GitHub user luoluoyuyu created a discussion: About Kafka consumer data loss problem

### Problem Description
SpKafkaConsumer's process of creating consumers is an asynchronous process. If the connected topic has not submitted data, the data produced by the producer to the topic will be lost in the process of the consumer connecting to the topic. (The situation that creates the problem can be found in https://github.com/apache/streampipes/blob/dev/streampipes-integration-tests/src/test/java/org/apache/streampipes/integration/adapters/AdaptersTest.java#LL28C1-L28C1)
```
public class AdaptersTest {
  public void testAdapter(AdapterTesterBase adapterTester) throws Exception {
    adapterTester.startAdapterService();
    AdapterDescription adapterDescription = adapterTester.prepareAdapter();
    adapterTester.startAdapter(adapterDescription);
    List<Map<String, Object>> data = adapterTester.generateData();
    adapterTester.validateData(data);
  }
}
```
### Reason
In AdaptersTest, for example, consumers and producers are created asynchronously. When the created topic has not been submitted by a consumer for the same consumer group, the default behavior of the consumer in this case is to consume only the newly generated data after the consumer connects to the topic. When the producer produces a message during the consumer's connection to the topic, the consumer also loses the corresponding data.

### Solutions
Add the corresponding configuration items, for the same consumer group, if no offset has been submitted, then start consuming from the beginning

```
public class ConsumerConfigFactory extends AbstractConfigFactory {
    private static final String AUTO_OFFSET_RESET_CONFIG_DEFAULT="earliest";
    
    @Override
  public Properties makeDefaultProperties() {
    Properties props = new Properties();
    //.....
     props.put(ConsumerConfig.AUTO_OFFSET_RESET_CONFIG,AUTO_OFFSET_RESET_CONFIG_DEFAULT);
    return props;
  }
}
```





GitHub link: https://github.com/apache/streampipes/discussions/1626

----
This is an automatically sent email for dev@streampipes.apache.org.
To unsubscribe, please send an email to: dev-unsubscribe@streampipes.apache.org


Re: [D] About Kafka consumer data loss problem (streampipes)

Posted by "luoluoyuyu (via GitHub)" <gi...@apache.org>.
GitHub user luoluoyuyu added a comment to the discussion: About Kafka consumer data loss problem

Hi, this issue is the one I encountered when adding kafka tests in the streampipes-integration-tests module, so I want to add AUTO_OFFSET_RESET_CONFIG configuration to the consumer default configuration item of kafka

GitHub link: https://github.com/apache/streampipes/discussions/1626#discussioncomment-6022770

----
This is an automatically sent email for dev@streampipes.apache.org.
To unsubscribe, please send an email to: dev-unsubscribe@streampipes.apache.org


Re: [D] About Kafka consumer data loss problem (streampipes)

Posted by "luoluoyuyu (via GitHub)" <gi...@apache.org>.
GitHub user luoluoyuyu closed a discussion: About Kafka consumer data loss problem

### Problem Description
SpKafkaConsumer's process of creating consumers is an asynchronous process.
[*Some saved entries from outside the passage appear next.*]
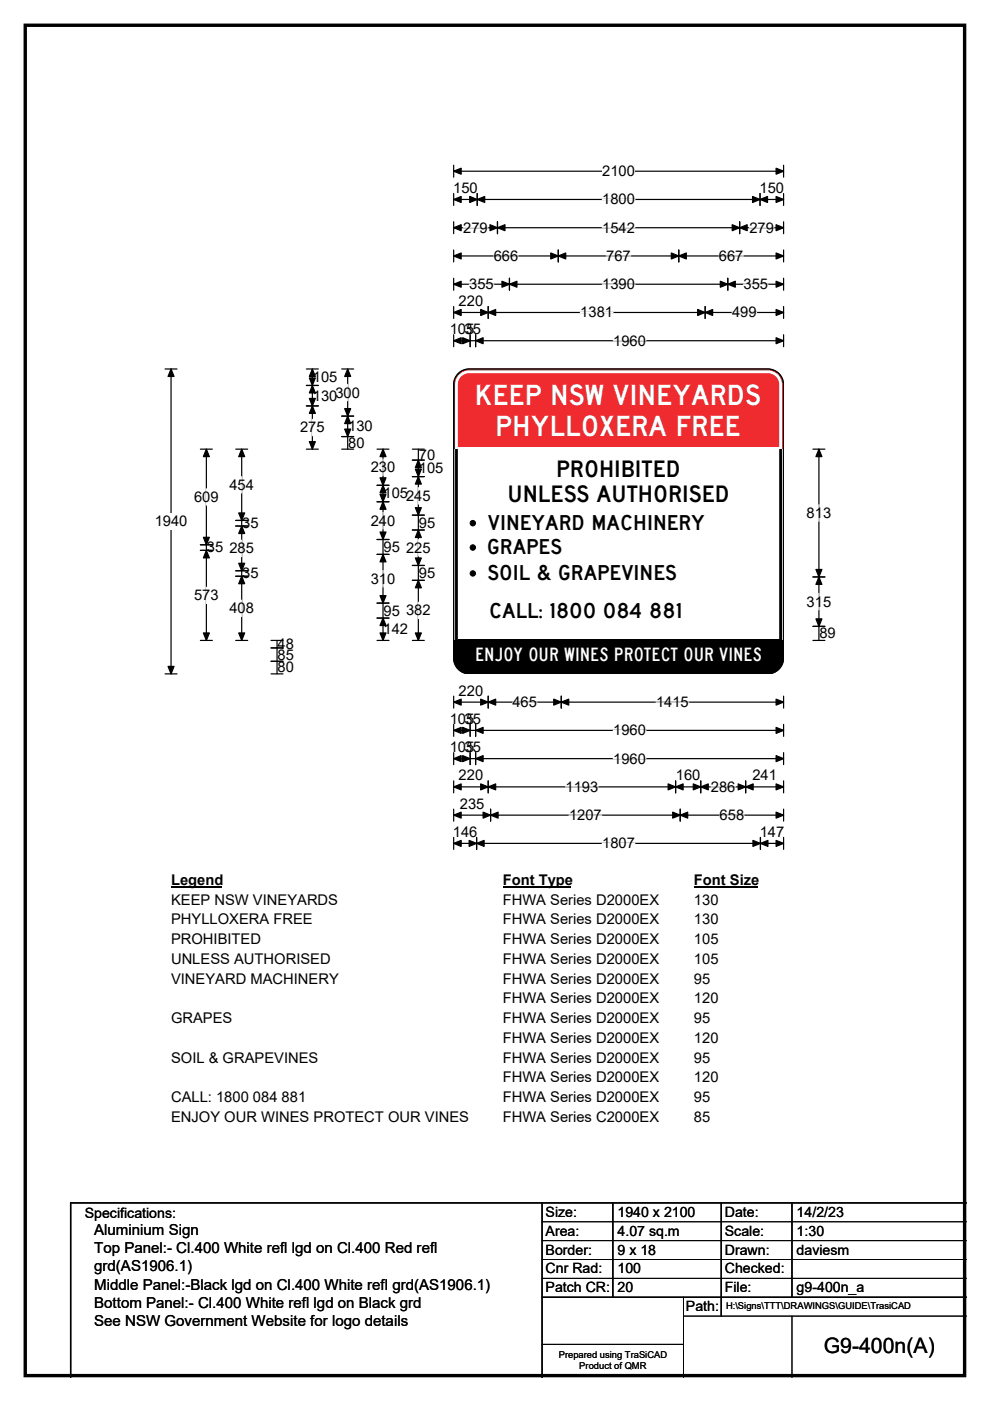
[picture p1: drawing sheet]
<svg xmlns="http://www.w3.org/2000/svg" width="210mm" height="297mm" viewBox="0 0 210 297" stroke-linecap="round" stroke-linejoin="round" font-family="sans-serif">
<path d="M5.4 5.4h199.2v286.3h-199.2z" fill="none" stroke="#000" stroke-width=".72"/>
<path d="M96.2 36.3h70M96.2 35v2.6M166.2 35v2.6" fill="none" stroke="#000" stroke-width=".25"/>
<path d="M96.2 36.3l1.6-.6v1.2zM164.6 35.7l1.6 .6-1.6 .6z" fill="#000" stroke="#000" stroke-width=".25"/>
<path d="M127.7 34.6h7v3.5h-7z" fill="#fff"/>
<g fill="none" stroke="#000" stroke-width=".25">
<path d="M96.2 42.3h70M96.2 41v2.6M96.2 47v2.6M96.2 53v2.5M96.2 59v2.5M96.2 48.3h70M96.2 54.3h70M101.2 41v2.6M105.5 47v2.6M108.1 59v2.5M118.4 53v2.5M144 53v2.5"/>
<path d="M154.4 59v2.5M156.9 47v2.6M161.2 41v2.6M166.2 41v2.6M166.2 47v2.6M166.2 53v2.5M166.2 59v2.5M35 78.2h2.5M36.3 78.2v64.7M96.2 65v2.5M96.2 71v2.5M96.2 60.3h70"/>
<path d="M96.2 66.3h70M96.2 72.2h70M99.7 71v2.5M100.9 71v2.5M103.5 65v2.5M149.6 65v2.5M166.2 65v2.5M166.2 71v2.5M35 142.9h2.5M96.2 147.6v2.5M96.2 153.6v2.5M96.2 159.6v2.5"/>
<path d="M96.2 148.9h70M96.2 154.9h70M99.7 153.6v2.5M99.7 159.6v2.5M100.9 153.6v2.5M100.9 159.6v2.5M103.5 147.6v2.5M119 147.6v2.5M166.2 147.6v2.5M166.2 153.6v2.5M166.2 159.6v2.5M96.2 165.6v2.5"/>
<path d="M96.2 171.6v2.5M96.2 177.5v2.6M96.2 160.8h70M96.2 166.8h70M96.2 172.8h70M96.2 178.8h70M101.1 177.5v2.6M103.5 165.6v2.5M104.1 171.6v2.5M143.3 165.6v2.5M144.3 171.6v2.5M148.6 165.6v2.5"/>
<path d="M158.2 165.6v2.5M161.3 177.5v2.6M166.2 165.6v2.5M166.2 171.6v2.5M166.2 177.5v2.6"/>
</g>
<g fill="#000" stroke="#000" stroke-width=".25">
<path d="M96.2 42.3l1.6-.6v1.2zM96.2 48.3l1.6-.7v1.3zM96.2 54.3l1.6-.7v1.3zM101.2 42.3l1.6-.6v1.2zM99.6 41.7l1.6 .6-1.6 .6zM105.5 48.3l1.6-.7v1.3zM103.9 47.6l1.6 .7-1.6 .6zM118.4 54.3l1.6-.7v1.3zM116.8 53.6l1.6 .7-1.6 .6zM142.4 53.6l1.6 .7-1.6 .6zM144 54.3l1.6-.7v1.3zM155.3 47.6l1.6 .7-1.6 .6z"/>
<path d="M156.9 48.3l1.6-.7v1.3zM159.6 41.7l1.6 .6-1.6 .6zM161.2 42.3l1.6-.6v1.2zM164.6 41.7l1.6 .6-1.6 .6zM164.6 47.6l1.6 .7-1.6 .6zM164.6 53.6l1.6 .7-1.6 .6zM36.3 78.2l.6 1.6h-1.3zM96.2 60.3l1.6-.7v1.3zM96.2 66.3l1.6-.7v1.3zM96.2 72.2l1.6-.6v1.3zM98.1 71.6l1.6 .6-1.6 .7zM100.9 72.2l1.6-.6v1.3z"/>
<path d="M103.5 66.3l1.6-.7v1.3zM102 65.6l1.5 .7-1.5 .6zM108.1 60.3l1.5-.7v1.3zM106.5 59.6l1.6 .7-1.6 .6zM148 65.6l1.6 .7-1.6 .6zM149.6 66.3l1.6-.7v1.3zM152.8 59.6l1.6 .7-1.6 .6zM154.4 60.3l1.6-.7v1.3zM164.6 59.6l1.6 .7-1.6 .6zM164.6 65.6l1.6 .7-1.6 .6zM164.6 71.6l1.6 .6-1.6 .7zM35.6 141.3h1.3l-.6 1.6z"/>
<path d="M96.2 148.9l1.6-.7v1.3zM96.2 154.9l1.6-.7v1.3zM98.1 154.2l1.6 .7-1.6 .6zM100.9 154.9l1.6-.7v1.3zM103.5 148.9l1.6-.7v1.3zM102 148.2l1.5 .7-1.5 .6zM117.5 148.2l1.5 .7-1.5 .6zM119 148.9l1.6-.7v1.3zM164.6 148.2l1.6 .7-1.6 .6zM164.6 154.2l1.6 .7-1.6 .6zM96.2 160.8l1.6-.6v1.3zM96.2 166.8l1.6-.6v1.3z"/>
<path d="M96.2 172.8l1.6-.6v1.3zM96.2 178.8l1.6-.6v1.3zM98.1 160.2l1.6 .6-1.6 .7zM100.9 160.8l1.6-.6v1.3zM101.1 178.8l1.6-.6v1.3zM99.5 178.2l1.6 .6-1.6 .7zM103.5 166.8l1.6-.6v1.3zM102 166.2l1.5 .6-1.5 .7zM104.1 172.8l1.5-.6v1.3zM102.5 172.2l1.6 .6-1.6 .7zM141.7 166.2l1.6 .6-1.6 .7zM143.3 166.8l1.6-.6v1.3z"/>
<path d="M142.7 172.2l1.6 .6-1.6 .7zM144.3 172.8l1.6-.6v1.3zM147 166.2l1.6 .6-1.6 .7zM148.6 166.8l1.6-.6v1.3zM156.6 166.2l1.6 .6-1.6 .7zM158.2 166.8l1.5-.6v1.3zM159.7 178.2l1.6 .6-1.6 .7zM161.3 178.8l1.6-.6v1.3zM164.6 160.2l1.6 .6-1.6 .7zM164.6 166.2l1.6 .6-1.6 .7zM164.6 172.2l1.6 .6-1.6 .7zM164.6 178.2l1.6 .6-1.6 .7z"/>
</g>
<g fill="none" stroke="#fff" stroke-width=".25">
<path d="M98.3 48.3h5.2M104.7 54.3h5.2M127.7 48.3h7M127.7 42.3h7M128.6 54.3h5.2M152.5 54.3h5.2M158.9 48.3h5.2M99.5 60.3h5.2M123.1 66.3h6.9M127.7 60.3h7M130.1 72.2h6.9M155.3 66.3h5.2"/>
<path d="M157.7 60.3h5.2M108.7 148.9h5.2M130.1 154.9h6.9M139.1 148.9h7M120 166.8h6.9M120.7 172.8h6.9M127.7 178.8h7M130.1 160.8h6.9M150.8 166.8h5.2M152.6 172.8h5.2"/>
</g>
<path d="M32.8 108.8h7v3.5h-7z" fill="#fff"/>
<g fill="none" stroke="#000" stroke-width=".25">
<path d="M65 78.2h2.5M66.3 78.2v17M72.5 78.2h2.5M73.7 78.2v17M42.5 95.2h2.5M43.8 95.2v40.6M50 95.2h2.5M51.3 95.2v40.6M65 95.2h2.5M65 81.7h2.5M65 86.1h2.5M72.5 95.2h2.5"/>
<path d="M72.5 88.2h2.5M72.5 92.6h2.5M80 95.2h2.5M81.2 95.2v40.6M87.5 95.2h2.5M87.5 97.6h2.5M88.7 95.2v40.6M172.4 95.2h2.6M173.7 95.2v40.6M42.5 115.5h2.5M42.5 116.7h2.5M50 110.3h2.5"/>
<path d="M50 111.5h2.5M80 102.9h2.5M80 106.4h2.5M80 114.4h2.5M80 117.5h2.5M87.5 101h2.5M87.5 109.2h2.5M87.5 112.4h2.5M87.5 119.9h2.5M42.5 135.8h2.5M50 135.8h2.5M50 121h2.5"/>
<path d="M50 122.2h2.5M57.5 135.8h2.5M57.5 137.4h2.5M58.8 135.8v7.1M80 135.8h2.5M80 127.9h2.5M80 131h2.5M87.5 135.8h2.5M87.5 123h2.5M172.4 135.8h2.6M172.4 122.3h2.6M172.4 132.8h2.6"/>
<path d="M57.5 140.2h2.5M57.5 142.9h2.5"/>
</g>
<g fill="#000" stroke="#000" stroke-width=".25">
<path d="M66.3 78.2l.6 1.6h-1.3zM73.7 78.2l.7 1.6h-1.3zM43.8 95.2l.6 1.6h-1.3zM51.3 95.2l.6 1.6h-1.3zM66.3 81.7l.6 1.6h-1.3zM65.6 84.5h1.3l-.6 1.6zM65.6 80.1h1.3l-.6 1.6zM66.3 86.1l.6 1.6h-1.3zM65.6 93.6h1.3l-.6 1.6zM73.7 88.2l.7 1.6h-1.3zM73.1 91h1.3l-.7 1.6zM73.1 86.6h1.3l-.7 1.6z"/>
<path d="M81.2 95.2l.7 1.6h-1.3zM88.7 97.6l.7 1.5h-1.3zM173.7 95.2l.6 1.6h-1.2zM43.1 113.9h1.3l-.6 1.6zM43.8 116.7l.6 1.6h-1.3zM50.6 108.8h1.3l-.6 1.5zM51.3 111.5l.6 1.6h-1.3zM81.2 102.9l.7 1.6h-1.3zM80.6 104.8h1.3l-.7 1.6zM80.6 101.3h1.3l-.7 1.6zM81.2 106.4l.7 1.6h-1.3zM80.6 112.8h1.3l-.7 1.6z"/>
<path d="M81.2 117.5l.7 1.6h-1.3zM88.1 99.5h1.3l-.7 1.5zM88.7 101l.7 1.6h-1.3zM88.1 107.6h1.3l-.7 1.6zM88.7 112.4l.7 1.6h-1.3zM88.1 118.3h1.3l-.7 1.6zM43.1 134.2h1.3l-.6 1.6zM50.6 119.4h1.3l-.6 1.6zM51.3 122.2l.6 1.6h-1.3zM50.6 134.2h1.3l-.6 1.6zM80.6 126.3h1.3l-.7 1.6zM81.2 131l.7 1.6h-1.3z"/>
<path d="M80.6 134.2h1.3l-.7 1.6zM88.7 123l.7 1.6h-1.3zM88.1 134.2h1.3l-.7 1.6zM173.7 122.3l.6 1.6h-1.2zM173.1 131.2h1.2l-.6 1.6zM173.1 120.7h1.2l-.6 1.6z"/>
</g>
<g fill="none" stroke="#fff" stroke-width=".25">
<path d="M66.3 88.9v3.5M73.7 81.5v3.5M81.2 97.3v3.5M43.8 103.6v3.5M51.3 101v3.5M51.3 114.5v3.5M81.2 108.6v3.5M88.7 103.4v3.5M88.7 114.4v3.5M173.7 107v3.5M43.8 124.5v3.5M51.3 127.2v3.5"/>
<path d="M81.2 120.9v3.6M88.7 127.7v3.4M173.7 125.8v3.5"/>
</g>
<path d="M36.3 184.8h10.7v3.5h-10.7z" fill="#fff"/>
<path d="M36.3 188.1h10.7" fill="none" stroke="#000" stroke-width=".32"/>
<path d="M106.6 184.8h14.5v3.5h-14.5z" fill="#fff"/>
<path d="M106.6 188.1h14.5" fill="none" stroke="#000" stroke-width=".32"/>
<path d="M147.2 184.8h13.5v3.5h-13.5z" fill="#fff"/>
<path d="M147.2 188.1h13.5" fill="none" stroke="#000" stroke-width=".32"/>
<g fill="#fff">
<path d="M36.3 189h35.2v3.5h-35.2z"/>
<path d="M106.6 189h33.1v3.5h-33.1z"/>
<path d="M147.2 189h5.2v3.5h-5.2z"/>
<path d="M36.3 193.2h29.8v3.5h-29.8z"/>
<path d="M106.6 193.2h33.1v3.5h-33.1z"/>
<path d="M147.2 193.2h5.2v3.5h-5.2z"/>
<path d="M36.3 197.4h19v3.5h-19z"/>
<path d="M106.6 197.4h33.1v3.5h-33.1z"/>
<path d="M147.2 197.4h5.2v3.5h-5.2z"/>
<path d="M36.3 201.6h33.7v3.5h-33.7z"/>
<path d="M106.6 201.6h33.1v3.5h-33.1z"/>
<path d="M147.2 201.6h5.2v3.5h-5.2z"/>
<path d="M36.3 205.8h36.2v3.5h-36.2z"/>
<path d="M106.6 205.8h33.1v3.5h-33.1z"/>
<path d="M147.2 205.8h3.5v3.5h-3.5z"/>
<path d="M106.6 210h33.1v3.4h-33.1z"/>
<path d="M147.2 210h5.2v3.4h-5.2z"/>
<path d="M36.3 214.1h12.9v3.5h-12.9z"/>
<path d="M106.6 214.1h33.1v3.5h-33.1z"/>
<path d="M147.2 214.1h3.5v3.5h-3.5z"/>
<path d="M106.6 218.3h33.1v3.5h-33.1z"/>
<path d="M147.2 218.3h5.2v3.5h-5.2z"/>
<path d="M36.3 222.5h31.1v3.5h-31.1z"/>
<path d="M106.6 222.5h33.1v3.5h-33.1z"/>
<path d="M147.2 222.5h3.5v3.5h-3.5z"/>
<path d="M106.6 226.7h33.1v3.5h-33.1z"/>
<path d="M147.2 226.7h5.2v3.5h-5.2z"/>
<path d="M36.3 230.9h28.6v3.5h-28.6z"/>
<path d="M106.6 230.9h33.1v3.5h-33.1z"/>
<path d="M147.2 230.9h3.5v3.5h-3.5z"/>
<path d="M36.3 235.1h62.8v3.5h-62.8z"/>
<path d="M106.6 235.1h33.1v3.5h-33.1z"/>
<path d="M147.2 235.1h3.5v3.5h-3.5z"/>
</g>
<path d="M97.2 79.2a3.3 3.3 0 0 1 2.3-1h63.3a3.3 3.3 0 0 1 3.4 3.4v13.7h-70v-13.7a3.3 3.3 0 0 1 1-2.4z" fill-rule="evenodd" fill="#ef2b2f" stroke="#ef2b2f" stroke-width=".21"/>
<path d="M97.1 94.9h68.2v.3h-68.2z" fill="#fff"/>
<path d="M96.8 95.3v-13.8a2.7 2.7 0 0 1 2.7-2.7h63.3a2.72 2.72 0 0 1 2.8 2.7v13.8" fill="none" stroke="#fff" stroke-width=".59"/>
<path d="M96.2 95.3v-13.7a3.3 3.3 0 0 1 3.3-3.4h63.3a3.3 3.3 0 0 1 3.4 3.4v13.7" fill="none" stroke="#000" stroke-width=".3"/>
<path d="M96.2 95.2h70v40.6h-70z" fill-rule="evenodd" fill="#fff" stroke="#fff" stroke-width=".21"/>
<path d="M97.1 95.2h68.2v.4h-68.2z" fill="#fff"/>
<path d="M97.1 135.6h68.2" fill="none" stroke="#000" stroke-width=".34"/>
<path d="M96.8 95.2v40.6M165.6 95.2v40.6M96.8 135.7v3.8a2.72 2.72 0 0 0 2.7 2.7h63.3a2.74 2.74 0 0 0 2.8-2.7v-3.8" fill="none" stroke="#000" stroke-width=".59"/>
<path d="M96.2 95.2v40.6M166.2 95.2v40.6M96.2 135.7v3.8a3.3 3.3 0 0 0 3.3 3.4h63.3a3.4 3.4 0 0 0 3.4-3.4v-3.8M97.1 135.9h68.2M115 255v37M130 255v20M153 255v24M168 255v20M205 255h-190v37M115 275h90" fill="none" stroke="#000" stroke-width=".3"/>
<g fill="#000" stroke="#000" stroke-width=".21">
<path d="M96.2 135.7h70v3.8a3.4 3.4 0 0 1-3.4 3.4h-63.3a3.3 3.3 0 0 1-3.3-3.4z" fill-rule="evenodd"/>
<circle cx="100.3" cy="110.9" r=".58"/>
<circle cx="100.3" cy="116.1" r=".58"/>
<circle cx="100.3" cy="121.6" r=".57"/>
</g>
<path d="M115 259h90M115 263h90M115 267h90M115 271h90M145 279h60M145 275v17M168 279v13M115 285h30" fill="none" stroke="#000" stroke-width=".21"/>
<g font-size="6" fill="#fff">
<text x="100.7" y="86">KEEP NSW VINEYARDS</text>
<text x="105" y="92.5">PHYLLOXERA FREE</text>
</g>
<g font-size="4.9">
<text x="118" y="101">PROHIBITED</text>
<text x="107.6" y="106.4">UNLESS AUTHORISED</text>
</g>
<text font-size="4.5" x="174.7" y="286.9">G9-400n(A)</text>
<g font-size="4.4">
<text x="103.5" y="112.4">VINEYARD MACHINERY</text>
<text x="103.3" y="117.5">GRAPES</text>
<text x="103.4" y="123">SOIL &amp; GRAPEVINES</text>
<text x="103.7" y="131">CALL: 1800 084 881</text>
</g>
<text font-size="3.9" fill="#fff" x="100.8" y="140.2">ENJOY OUR WINES PROTECT OUR VINES</text>
<g font-size="3.2">
<text x="20" y="261.9">Aluminium Sign</text>
<text x="20" y="265.7">Top Panel:- Cl.400 White refl lgd on Cl.400 Red refl</text>
<text x="20" y="269.6">grd(AS1906.1)</text>
<text x="20" y="273.4">Middle Panel:-Black lgd on Cl.400 White refl grd(AS1906.1)</text>
<text x="20" y="277.2">Bottom Panel:- Cl.400 White refl lgd on Black grd</text>
<text x="20" y="281.1">See NSW Government Website for logo details</text>
</g>
<g font-size="3.1">
<text x="96.1" y="40.9">150</text>
<text x="127.7" y="37.4">2100</text>
<text x="161.1" y="40.9">150</text>
<text x="127.7" y="43.3">1800</text>
<text x="98.3" y="49.3">279</text>
<text x="127.7" y="49.3">1542</text>
<text x="158.9" y="49.3">279</text>
<text x="104.7" y="55.3">666</text>
<text x="128.6" y="55.3">767</text>
<text x="152.5" y="55.3">667</text>
<text x="97.3" y="64.9">220</text>
<text x="99.5" y="61.3">355</text>
<text x="127.7" y="61.3">1390</text>
<text x="157.7" y="61.3">355</text>
<text x="95.4" y="70.8">105</text>
<text x="98.6" y="70.8">35</text>
<text x="123.1" y="67.3">1381</text>
<text x="155.3" y="67.3">499</text>
<text x="130.1" y="73.3">1960</text>
<text x="66.4" y="81">105</text>
<text x="66.4" y="84.9">130300</text>
<text x="63.6" y="91.7">275</text>
<text x="73.9" y="91.4">130</text>
<text x="73.9" y="95">80</text>
<text x="78.6" y="100.1">230</text>
<text x="88.8" y="100.4">105</text>
<text x="88.8" y="97.5">70</text>
<text x="41.2" y="106.4">609</text>
<text x="48.7" y="103.8">454</text>
<text x="81.3" y="105.7">105245</text>
<text x="32.8" y="111.6">1940</text>
<text x="51.4" y="112">35</text>
<text x="78.6" y="111.4">240</text>
<text x="88.8" y="111.8">95</text>
<text x="171.1" y="109.8">813</text>
<text x="43.9" y="117.1">35</text>
<text x="48.7" y="117.3">285</text>
<text x="81.3" y="117">95</text>
<text x="86.1" y="117.2">225</text>
<text x="51.4" y="122.6">35</text>
<text x="78.6" y="123.7">310</text>
<text x="88.8" y="122.5">95</text>
<text x="41.2" y="127.3">573</text>
<text x="48.7" y="130">408</text>
<text x="81.3" y="130.5">95</text>
<text x="86.1" y="130.5">382</text>
<text x="171.1" y="128.6">315</text>
<text x="58.9" y="137.6">48</text>
<text x="81.3" y="134.5">142</text>
<text x="173.8" y="135.3">89</text>
<text x="58.9" y="139.8">85</text>
<text x="58.9" y="142.6">80</text>
<text x="97.3" y="147.5">220</text>
<text x="108.7" y="149.9">465</text>
<text x="139.1" y="149.9">1415</text>
<text x="95.4" y="153.5">105</text>
<text x="98.6" y="153.5">35</text>
<text x="130.1" y="155.9">1960</text>
<text x="95.4" y="159.4">105</text>
<text x="98.6" y="159.4">35</text>
<text x="130.1" y="161.9">1960</text>
<text x="97.3" y="165.4">220</text>
<text x="120" y="167.9">1193</text>
<text x="143.4" y="165.4">160</text>
<text x="150.8" y="167.9">286</text>
<text x="159.6" y="165.4">241</text>
<text x="97.5" y="171.4">235</text>
<text x="120.7" y="173.9">1207</text>
<text x="152.6" y="173.9">658</text>
<text x="96.1" y="177.4">146</text>
<text x="127.7" y="179.9">1807</text>
<text x="161.1" y="177.4">147</text>
<text x="36.3" y="187.6">Legend</text>
<text x="36.3" y="191.8">KEEP NSW VINEYARDS</text>
<text x="106.6" y="187.6">Font Type</text>
<text x="106.6" y="191.8">FHWA Series D2000EX</text>
<text x="147.2" y="187.6">Font Size</text>
<text x="147.2" y="191.8">130</text>
<text x="36.3" y="196">PHYLLOXERA FREE</text>
<text x="106.6" y="196">FHWA Series D2000EX</text>
<text x="147.2" y="196">130</text>
<text x="36.3" y="200.2">PROHIBITED</text>
<text x="106.6" y="200.2">FHWA Series D2000EX</text>
<text x="147.2" y="200.2">105</text>
<text x="36.3" y="204.4">UNLESS AUTHORISED</text>
<text x="36.3" y="208.6">VINEYARD MACHINERY</text>
<text x="106.6" y="204.4">FHWA Series D2000EX</text>
<text x="106.6" y="208.6">FHWA Series D2000EX</text>
<text x="147.2" y="204.4">105</text>
<text x="147.2" y="208.6">95</text>
<text x="106.6" y="212.7">FHWA Series D2000EX</text>
<text x="147.2" y="212.7">120</text>
<text x="36.3" y="216.9">GRAPES</text>
<text x="106.6" y="216.9">FHWA Series D2000EX</text>
<text x="106.6" y="221.1">FHWA Series D2000EX</text>
<text x="147.2" y="216.9">95</text>
<text x="147.2" y="221.1">120</text>
<text x="36.3" y="225.3">SOIL &amp; GRAPEVINES</text>
<text x="106.6" y="225.3">FHWA Series D2000EX</text>
<text x="147.2" y="225.3">95</text>
<text x="36.3" y="233.7">CALL: 1800 084 881</text>
<text x="106.6" y="229.5">FHWA Series D2000EX</text>
<text x="106.6" y="233.7">FHWA Series D2000EX</text>
<text x="147.2" y="229.5">120</text>
<text x="147.2" y="233.7">95</text>
<text x="36.3" y="237.9">ENJOY OUR WINES PROTECT OUR VINES</text>
<text x="106.6" y="237.9">FHWA Series C2000EX</text>
<text x="147.2" y="237.9">85</text>
</g>
<g font-size="3">
<text x="115.7" y="258">Size:</text>
<text x="131" y="258">1940 x 2100</text>
<text x="153.7" y="258">Date:</text>
<text x="169" y="258">14/2/23</text>
<text x="18" y="258.2">Specifications:</text>
<text x="115.7" y="262">Area:</text>
<text x="131" y="262">4.07 sq.m</text>
<text x="153.7" y="262">Scale:</text>
<text x="169" y="262">1:30</text>
<text x="115.7" y="266">Border:</text>
<text x="115.7" y="270">Cnr Rad:</text>
<text x="131" y="266">9 x 18</text>
<text x="131" y="270">100</text>
<text x="153.7" y="266">Drawn:</text>
<text x="153.7" y="270">Checked:</text>
<text x="169" y="266">daviesm</text>
<text x="115.7" y="274">Patch CR:</text>
<text x="131" y="274">20</text>
<text x="153.7" y="274">File:</text>
<text x="169" y="274">g9-400n_a</text>
<text x="145.5" y="278">Path:</text>
</g>
<g font-size="2">
<text x="154" y="277.6">H:\Signs\TTT\DRAWINGS\GUIDE\TrasiCAD</text>
<text x="118.5" y="287.8">Prepared using TraSiCAD</text>
<text x="122.9" y="290.2">Product of QMR</text>
</g>
</svg>

If the connected topic has not submitted data, the data produced by the producer to the topic will be lost in the process of the consumer connecting to the topic. (The situation that creates the problem can be found in https://github.com/apache/streampipes/blob/dev/streampipes-integration-tests/src/test/java/org/apache/streampipes/integration/adapters/AdaptersTest.java#LL28C1-L28C1)
```
public class AdaptersTest {
  public void testAdapter(AdapterTesterBase adapterTester) throws Exception {
    adapterTester.startAdapterService();
    AdapterDescription adapterDescription = adapterTester.prepareAdapter();
    adapterTester.startAdapter(adapterDescription);
    List<Map<String, Object>> data = adapterTester.generateData();
    adapterTester.validateData(data);
  }
}
```
### Reason
In AdaptersTest, for example, consumers and producers are created asynchronously. When the created topic has not been submitted by a consumer for the same consumer group, the default behavior of the consumer in this case is to consume only the newly generated data after the consumer connects to the topic. When the producer produces a message during the consumer's connection to the topic, the consumer also loses the corresponding data.

### Solutions
Add the corresponding configuration items, for the same consumer group, if no offset has been submitted, then start consuming from the beginning

```
public class ConsumerConfigFactory extends AbstractConfigFactory {
    private static final String AUTO_OFFSET_RESET_CONFIG_DEFAULT="earliest";
    
    @Override
  public Properties makeDefaultProperties() {
    Properties props = new Properties();
    //.....
     props.put(ConsumerConfig.AUTO_OFFSET_RESET_CONFIG,AUTO_OFFSET_RESET_CONFIG_DEFAULT);
    return props;
  }
}
```





GitHub link: https://github.com/apache/streampipes/discussions/1626

----
This is an automatically sent email for dev@streampipes.apache.org.
To unsubscribe, please send an email to: dev-unsubscribe@streampipes.apache.org


Re: [D] About Kafka consumer data loss problem (streampipes)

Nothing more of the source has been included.